Christian Eriksen, de buen ánimo tras colapso en partido
Christian Eriksen, “de buen ánimo” y cerca de dejar el hospital tras otro colapso en pleno partido
ODENSE — El fútbol danés volvió a contener la respiración. Christian Eriksen, símbolo de una generación y rostro de una de las escenas más sobrecogedoras de la última década, se desplomó de nuevo sobre el césped, esta vez en un amistoso entre Dinamarca y Ucrania en Odense.
La imagen heló el estadio. Minuto 65. Lejos del balón, Eriksen se llevó las manos al pecho con gesto de alarma y, acto seguido, cayó al suelo. Silencio inmediato. Miradas al banquillo. Jugadores que, por un instante, parecieron revivir una pesadilla ya conocida.
El médico de la selección danesa quiso apagar el pánico. Este lunes, confirmó que el centrocampista de 34 años se encuentra “de buen ánimo” y que se espera que abandone el hospital en breve. Un mensaje corto, pero cargado de alivio para un país que ya vivió el drama de ver a su número 10 luchar por su vida sobre el césped.
En Odense, la reacción fue automática. Asistencia médica al instante, compañeros rodeando al futbolista, público en pie. El recuerdo de aquel desplome anterior acompañó cada segundo. Esta vez, el parte médico llegó rápido y con un tono muy distinto: Eriksen está consciente, receptivo y con previsión de alta cercana.

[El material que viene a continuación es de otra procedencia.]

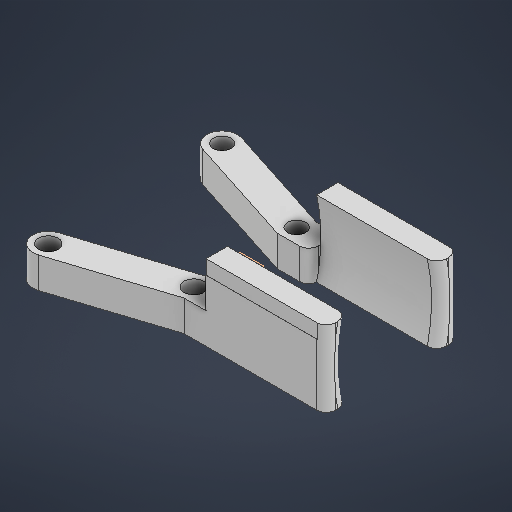
# Autodesk Inventor part: grips
Saved by Autodesk Inventor 2026.2 (Build 302298000, 298)
## iProperties
Created: 2026-04-07
Part Number: grips
Material: Generic
Document SubType Name: Modeling
Designer: Brian Wang
Density: 1 g/cm^3
Appearance: Default
Author: Brian Wang
Autodesk Inventor part; units mm, degrees
ref_plane "YZ Plane" through (0, 0, 0) normal (1, 0, 0) x (0, 1, 0)
ref_plane "XZ Plane" through (0, 0, 0) normal (0, 1, 0) x (-1, 0, 0)
ref_plane "XY Plane" through (0, 0, 0) normal (0, 0, 1) x (1, 0, 0)
sketch "Sketch1" plane through (0, 0, 0) normal (0, 1, 0) x (-1, 0, 0)
  line L0 (27.1998, -28.5532) -> (-70.2595, -28.5532)
  circle A0 centre (9.562, -47.3358) radius 2.075
  arc A1 (8.5638, -50.4287) -> (10.5601, -44.2429) centre (9.562, -47.3358) ccw
  circle A2 centre (-13.677, -39.8358) radius 2.075
  line L1 (10.5601, -44.2429) -> (-12.6789, -36.7429)
  line L2 (8.5638, -50.4287) -> (-14.6752, -42.9287)
  line L3 (-14.6752, -42.9287) -> (-44.6752, -42.9287)
  line L4 (-12.6789, -36.7429) -> (-19.3171, -36.7429)
  line L5 (-44.6752, -38.4058) -> (-44.6752, -42.9287)
  line L6 (-19.3171, -36.7429) -> (-44.6752, -38.4058)
  circle A3 centre (9.562, -9.7705) radius 2.075
  arc A4 (10.5601, -12.8635) -> (8.5638, -6.6776) centre (9.562, -9.7705) ccw
  circle A5 centre (-13.677, -17.2705) radius 2.075
  line L7 (10.5601, -12.8635) -> (-12.6789, -20.3635)
  line L8 (8.5638, -6.6776) -> (-14.6752, -14.1776)
  line L9 (-14.6752, -14.1776) -> (-44.6752, -14.1776)
  line L10 (-12.6789, -20.3635) -> (-19.3171, -20.3635)
  line L11 (-44.6752, -18.7005) -> (-44.6752, -14.1776)
  line L12 (-19.3171, -20.3635) -> (-44.6752, -18.7005)
  dimension "d26" = 4.15
  constraints: 26 end point, 10 symmetric about line, 6 centre point, 4 point on circle, 2 coincident, 1 horizontal, 3 other
  measures "d26" diameter of A2
extrude "Extrusion1" add sketch "Sketch1" along normal blind 3.5 contours L2 L3 L5 L6 L4 L1 A1
sketch "Sketch2" plane through (0, 3.5, 0) normal (0, 1, 0) x (1, 0, 0)
  line L0 (19.3171, 36.7429) -> (44.6752, 38.4058) projected
  line L1 (19.3171, 36.7429) -> (44.6752, 38.4058)
  line L2 (19.3171, 36.7429) -> (19.3171, 42.9287)
  line L3 (44.6752, 42.9287) -> (14.6752, 42.9287) projected
  line L4 (19.3171, 42.9287) -> (44.6752, 42.9287)
  line L5 (44.6752, 42.9287) -> (44.6752, 38.4058)
  point P0 (0, 0)
  point P1 (44.6752, 18.7005)
  point P2 (19.3171, 20.3635)
  point P3 (44.6752, 14.1776)
  constraints: 8 end point, 2 collinear, 1 perpendicular, 1 point on line, 1 vertical
extrude "Extrusion2" add sketch "Sketch2" along normal blind 6.5
sketch "Sketch4" plane through (0, 10, 0) normal (0, 1, 0) x (1, 0, 0)
  line L0 (19.3171, 36.7429) -> (44.6752, 38.4058) projected
  line L1 (19.3171, 36.7429) -> (19.3171, 42.9142)
  line L2 (19.3171, 42.9142) -> (44.6752, 42.9142)
  line L3 (44.6752, 38.4058) -> (44.6752, 42.9287) projected
  line L4 (44.6752, 42.9142) -> (44.6752, 38.4058)
  line L5 (44.6752, 38.4058) -> (19.3171, 36.7429)
  point P0 (0, 0)
  constraints: 8 end point, 1 collinear, 1 perpendicular, 1 vertical
extrude "Extrusion4" add sketch "Sketch4" along normal blind 3
sketch "Sketch5" plane through (0, 0, 0) normal (0, -1, 0) x (1, 0, 0)
  line L0 (14.6752, -42.9287) -> (-8.5638, -50.4287) projected
  line L1 (44.6752, -42.9287) -> (19.3171, -42.9287) projected
  line L2 (14.6752, -42.9287) -> (44.6752, -42.9287)
  line L3 (19.3171, -36.7429) -> (44.6752, -38.4058) projected
  line L4 (44.6752, -42.9287) -> (44.6752, -38.4058)
  line L5 (44.6752, -38.4058) -> (19.3171, -36.7429)
  line L6 (12.6789, -36.7429) -> (19.3171, -36.7429) projected
  line L7 (19.3171, -36.7429) -> (12.6789, -36.7429)
  line L8 (-10.5601, -44.2429) -> (12.6789, -36.7429) projected
  line L9 (12.6789, -36.7429) -> (-10.5601, -44.2429)
  arc A0 (-10.5601, -44.2429) -> (-8.5638, -50.4287) centre (-9.562, -47.3358) ccw
  circle A1 centre (-9.562, -47.3358) radius 1.9
  circle A2 centre (13.677, -39.8358) radius 1.9
  point P0 (0, 0)
  dimension "d27" = 3.8
  dimension "d28" = 3.8
  constraints: 10 end point, 3 centre point, 3 collinear, 2 coincident, 2 point on circle, 2 tangent, 1 parallel, 1 perpendicular
  measures "d27" diameter of A1
  measures "d28" diameter of A2
extrude "Extrusion5" add sketch "Sketch5" along normal blind 3
sketch "Sketch6" plane through (-9.562, 0, -47.3358) normal (0, 1, 0) x (1, 0, 0)
  circle A0 centre (0, 0) radius 1.9
  circle A1 centre (0, 0) radius 2.075
  circle A2 centre (23.239, -7.5) radius 1.9 projected
  circle A3 centre (23.239, -7.5) radius 1.9
  circle A4 centre (23.239, -7.5) radius 2.075
  point P0 (9.562, -47.3358)
  constraints: 4 centre point, 3 coincident
extrude "Extrusion6" add sketch "Sketch6" along normal up to surface (3.5 mm away)
sketch "Sketch7" plane through (44.6752, 10, -42.9142) normal (1, 0, 0) x (0, 0, -1)
  line L0 (-6.1713, 3) -> (-4.5084, 3) projected
  arc A0 (-4.5084, -13) -> (-4.5084, 3) centre (-40.1117, -5) ccw
  line L1 (0.0145, -13) -> (-4.5084, -13) projected
  line L2 (-4.5084, 3) -> (-14.8639, 3)
  line L3 (-14.8639, 3) -> (-14.8639, -13)
  line L4 (-14.8639, -13) -> (-4.5084, -13)
  line L5 (-4.5084, -13) -> (-4.5084, 3)
  point P0 (-42.9142, -10)
  constraints: 8 end point, 2 parallel, 2 point on circle, 1 centre point, 1 horizontal, 1 perpendicular
extrude "Extrusion7" cut sketch "Sketch7" against normal up to surface (25.3581 mm away)
fillet "Fillet4" radius 2 1 edges at (19.3171, 0.25, -36.7429)
fillet "Fillet5" radius 2 2 edges at (44.6752, 5, -39.2935) (44.6752, 3.5, -42.9287)
ref_plane "Work Plane1" through (12.6789, -3, -28.9929) normal (0, 0, 1) x (1, 0, 0)
mirror "Mirror1" about plane through (12.6789, -3, -28.9929) normal (0, 0, 1) of "Extrusion1", "Extrusion5", "Fillet4", "Extrusion7", "Extrusion4", "Fillet5", "Extrusion2"
body "Solid1"

Dinamarca había afrontado el amistoso ante Ucrania como una cita de preparación más, pero el resultado quedó en un segundo plano en cuanto Eriksen cayó al suelo. El reloj marcaba el 65, el balón circulaba lejos de él y, de repente, todo giró alrededor de un solo jugador. Otra vez.
Ahora, el foco pasa por completo por su salud y por las próximas decisiones médicas. El comunicado del cuerpo técnico sanitario tranquiliza, pero también abre una pregunta inevitable: cuánto más está dispuesto el fútbol, y el propio Eriksen, a desafiar los límites del cuerpo en la élite.